Завтра начинается длительное свидание. Уже едут, наверное, мать и Фрумкин. Получить в руки “трубу” (хотел набрать матери, узнать, едут ли) последнее время стало почти совершенно невозможно.
30.7.08. 11–02
Ну вот. Вернулся с длительной свиданки с матерью. Куча впечатлений, но не от самой свиданки, а от возвращения. В прошлый раз без меня в моих вещах был персональный шмон, забравший все бумаги, а в этот – оказалось, что по баулам просто кто–то полазил ночью, в результате чего они все открыты и стоят не так, как я оставлял (а я, зная о такой возможности, замечал их расположение специально). Главная пропажа – это 2 баллончика сукразита, которые как раз недавно мать, после 2–х месяцев звонков и усилий, выбила из начальства (не хотели передавать, – только через больницу, да и то “не положено”), да щипчики для ногтей. Плюс, конечно, 1 баночка гуталина из 2–х, 1 шампунь (тоже из 2–х), что–то из лекарств (их почти не осталось), остатки колбасы, видимо, и т.д.

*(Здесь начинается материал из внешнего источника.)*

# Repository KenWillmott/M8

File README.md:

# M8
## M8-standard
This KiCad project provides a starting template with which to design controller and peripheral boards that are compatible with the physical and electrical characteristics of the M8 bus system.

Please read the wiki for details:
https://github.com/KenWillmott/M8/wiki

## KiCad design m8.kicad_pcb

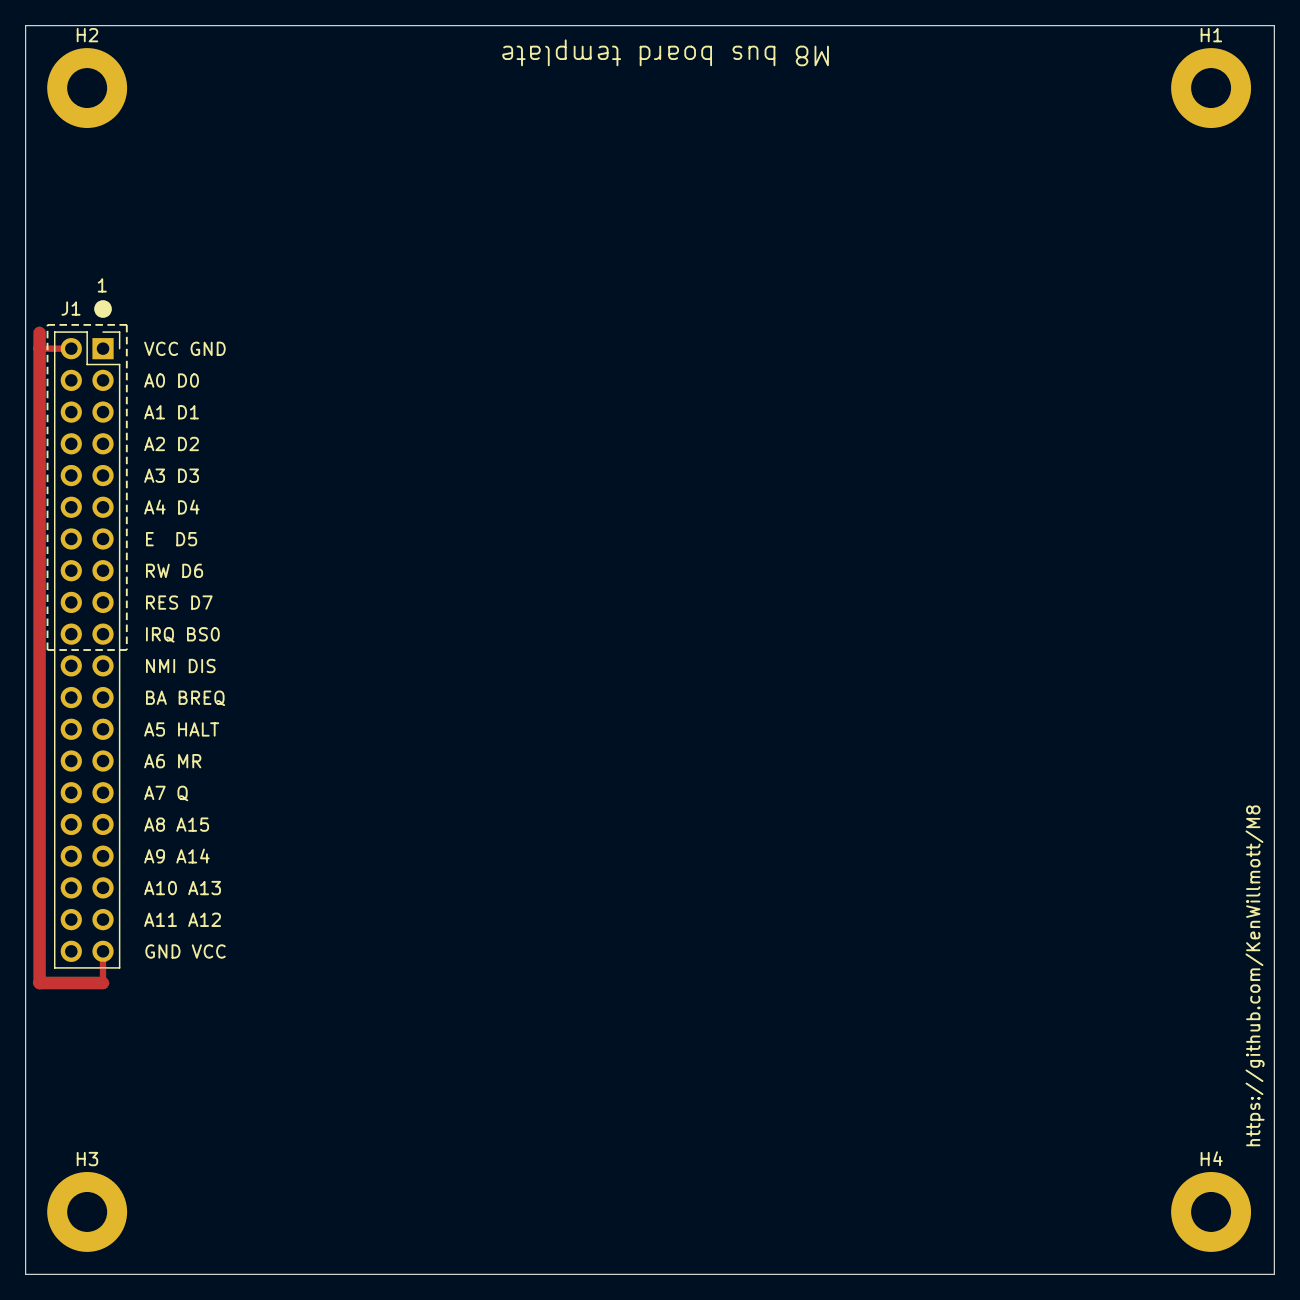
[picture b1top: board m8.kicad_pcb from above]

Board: 4 copper layers, 100.0 x 100.0 mm, 5 parts (0 on the bottom side), 2 nets.

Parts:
H1, H2, H3, H4: MountingHole_Pad; MountingHole_3.2mm_M3_Pad
J1: Conn_02x20_Odd_Even; PinSocket_2x20_P2.54mm_Vertical

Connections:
GND: H1.1, H2.1, H3.1, H4.1, J1.1, J1.40
VCC: J1.2, J1.39
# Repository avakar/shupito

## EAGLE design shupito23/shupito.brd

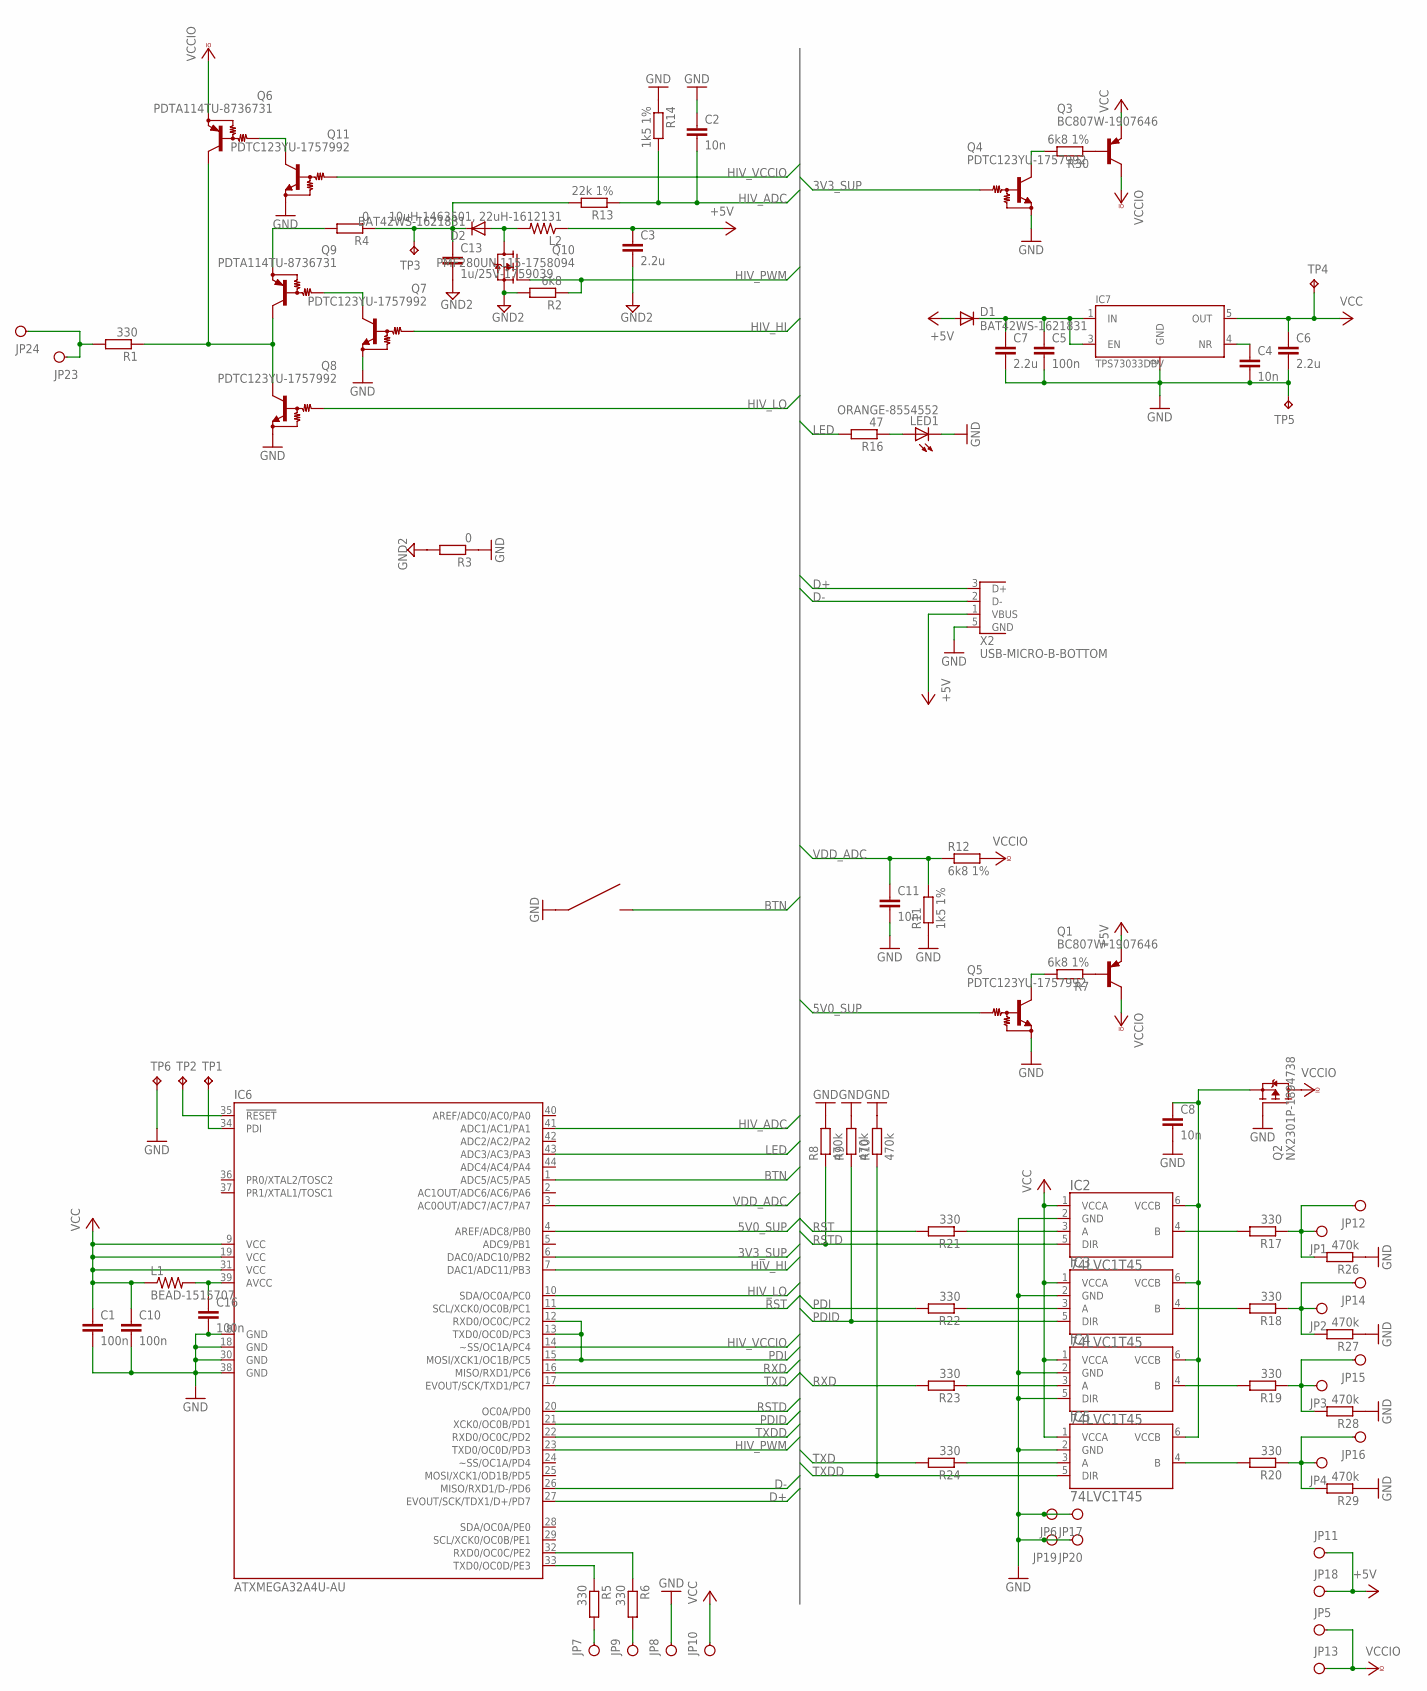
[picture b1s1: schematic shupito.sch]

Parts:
C1, C5, C10, C16: 100n; C0603K
C2, C4, C8, C11: 10n; C0603K
C3, C6, C7: 2.2u; C0603K
C13: 1u/25V-1759039; C0603K
D1, D2: BAT42WS-1621831; SOD323
IC2, IC3, IC4, IC5: 74LVC1T45; SOT236
IC6: ATXMEGA32A4U-AU; TQFP44
IC7: TPS73033DBV; SOT23-DBV
JP1, JP2, JP3, JP4, JP5, JP6, JP7, JP8, JP9, JP10, JP11, JP12, JP13, JP14, JP15, JP16, JP17, JP18, JP19, JP20, JP23, JP24: PINH1X01SMD
L1: BEAD-1515707; R0603
L2: 10uH-1463501, 22uH-1612131; R0805
LED1: ORANGE-8554552; CHIPLED_0603
Q1, Q3: BC807W-1907646; SOT323-BEC
Q2: NX2301P-1894738; SOT23
Q4, Q5, Q7, Q8, Q11: PDTC123YU-1757992; SOT323
Q6, Q9: PDTA114TU-8736731; SOT323
Q10: PMF280UN,115-1758094; SOT323
R1, R5, R6, R17, R18, R19, R20, R21, R22, R23, R24: 330; R0603
R2: 6k8; R0603
R3, R4: 0; R1206
R7, R12, R30: 6k8 1%; R0603
R8, R9, R10, R26, R27, R28, R29: 470k; R0603
R11, R14: 1k5 1%; R0603
R13: 22k 1%; R0603
R16: 47; R0603
S1: KSS241G; KSS-G
TP1, TP2, TP3, TP4, TP5, TP6: TPTP15SQ; TP15SQ
X2: USB-MICRO-B-BOTTOM; USB-MICRO-B-BOTTOM-MOLEX

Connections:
3V3_SUP: IC6.6 (DAC0/ADC10/PB2), Q4.1 (B)
5V0_SUP: IC6.4 (AREF/ADC8/PB0), Q5.1 (B)
+5V: C3.1, D1.A, JP11.1, JP18.1, L2.1, Q1.2 (E), X2.1 (VBUS)
BTN: IC6.1 (ADC5/AC5/PA5), S1.2
D+: IC6.27 (EVOUT/SCK/TDX1/D+/PD7), X2.3 (D+)
D-: IC6.26 (MISO/RXD1/D-/PD6), X2.2 (D-)
GND: C1.2, C2.1, C4.2, C5.2, C6.2, C7.2, C8.2, C10.2, C11.2, C16.2, IC2.2 (GND), IC3.2 (GND), IC4.2 (GND), IC4.5 (DIR), IC5.2 (GND), IC6.8 (GND), IC6.18 (GND), IC6.30 (GND), IC6.38 (GND), IC7.2 (GND), JP6.1, JP8.1, JP17.1, JP19.1, JP20.1, LED1.C, Q2.1 (G), Q4.2 (E), Q5.2 (E), Q7.2 (E), Q8.2 (E), Q11.2 (E), R3.1, R8.2, R9.2, R10.2, R11.1, R14.1, R26.1, R27.1, R28.1, R29.1, S1.1, TP5.TP, TP6.TP, X2.5 (GND)
GND2: C3.2, C13.2, Q10.2 (S), R2.2, R3.2
HIV_ADC: C2.2, IC6.41 (ADC1/AC1/PA1), R13.1, R14.2
HIV_HI: IC6.7 (DAC1/ADC11/PB3), Q7.1 (B)
HIV_LO: IC6.10 (SDA/OC0A/PC0), Q8.1 (B)
HIV_PWM: IC6.23 (TXD0/OC0D/PD3), Q10.1 (G), R2.1
HIV_VCCIO: IC6.14 (~SS/OC1A/PC4), Q11.1 (B)
LED: IC6.43 (ADC3/AC3/PA3), R16.2
unnamed: IC6.33 (TXD0/OC0D/PE3), R5.1
unnamed: IC6.35 (!RESET), TP2.TP
unnamed: IC6.34 (PDI), TP1.TP
unnamed: D2.A, L2.2, Q10.3 (D)
unnamed: IC2.4 (B), R17.2
unnamed: C16.1, IC6.39 (AVCC), L1.2
unnamed: JP2.1, JP14.1, R18.1, R27.2
unnamed: JP23.1, JP24.1, R1.2
unnamed: IC3.4 (B), R18.2
unnamed: Q6.1 (B), Q11.3 (C)
unnamed: Q9.2 (E), R4.2
unnamed: IC6.32 (RXD0/OC0C/PE2), R6.1
unnamed: C5.1, C7.1, D1.C, IC7.1 (IN), IC7.3 (EN)
unnamed: JP7.1, R5.2
unnamed: LED1.A, R16.1
unnamed: Q7.3 (C), Q9.1 (B)
unnamed: C4.1, IC7.4 (NR)
unnamed: JP9.1, R6.2
unnamed: Q1.1 (B), R7.1
unnamed: C13.1, D2.C, R4.1, R13.2, TP3.TP
unnamed: Q5.3 (C), R7.2
unnamed: IC4.4 (B), R19.2
unnamed: Q4.3 (C), R30.2
unnamed: IC5.4 (B), R20.2
unnamed: Q3.1 (B), R30.1
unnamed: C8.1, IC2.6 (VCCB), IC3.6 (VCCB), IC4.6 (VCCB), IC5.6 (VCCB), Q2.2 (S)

Говорили, что видели одного новенького, молодого пацана, ночью лазившим в наш проходняк. Один из блатных, кому я рассказал о происшедшем, спросил у него, – тот, естественно, отпирается. И ничего сделать нельзя, и чем я буду месяц стричь ногти и с чем пить чай, пока не соизволят передать новый сукразит (мать привезла еще), – неизвестно.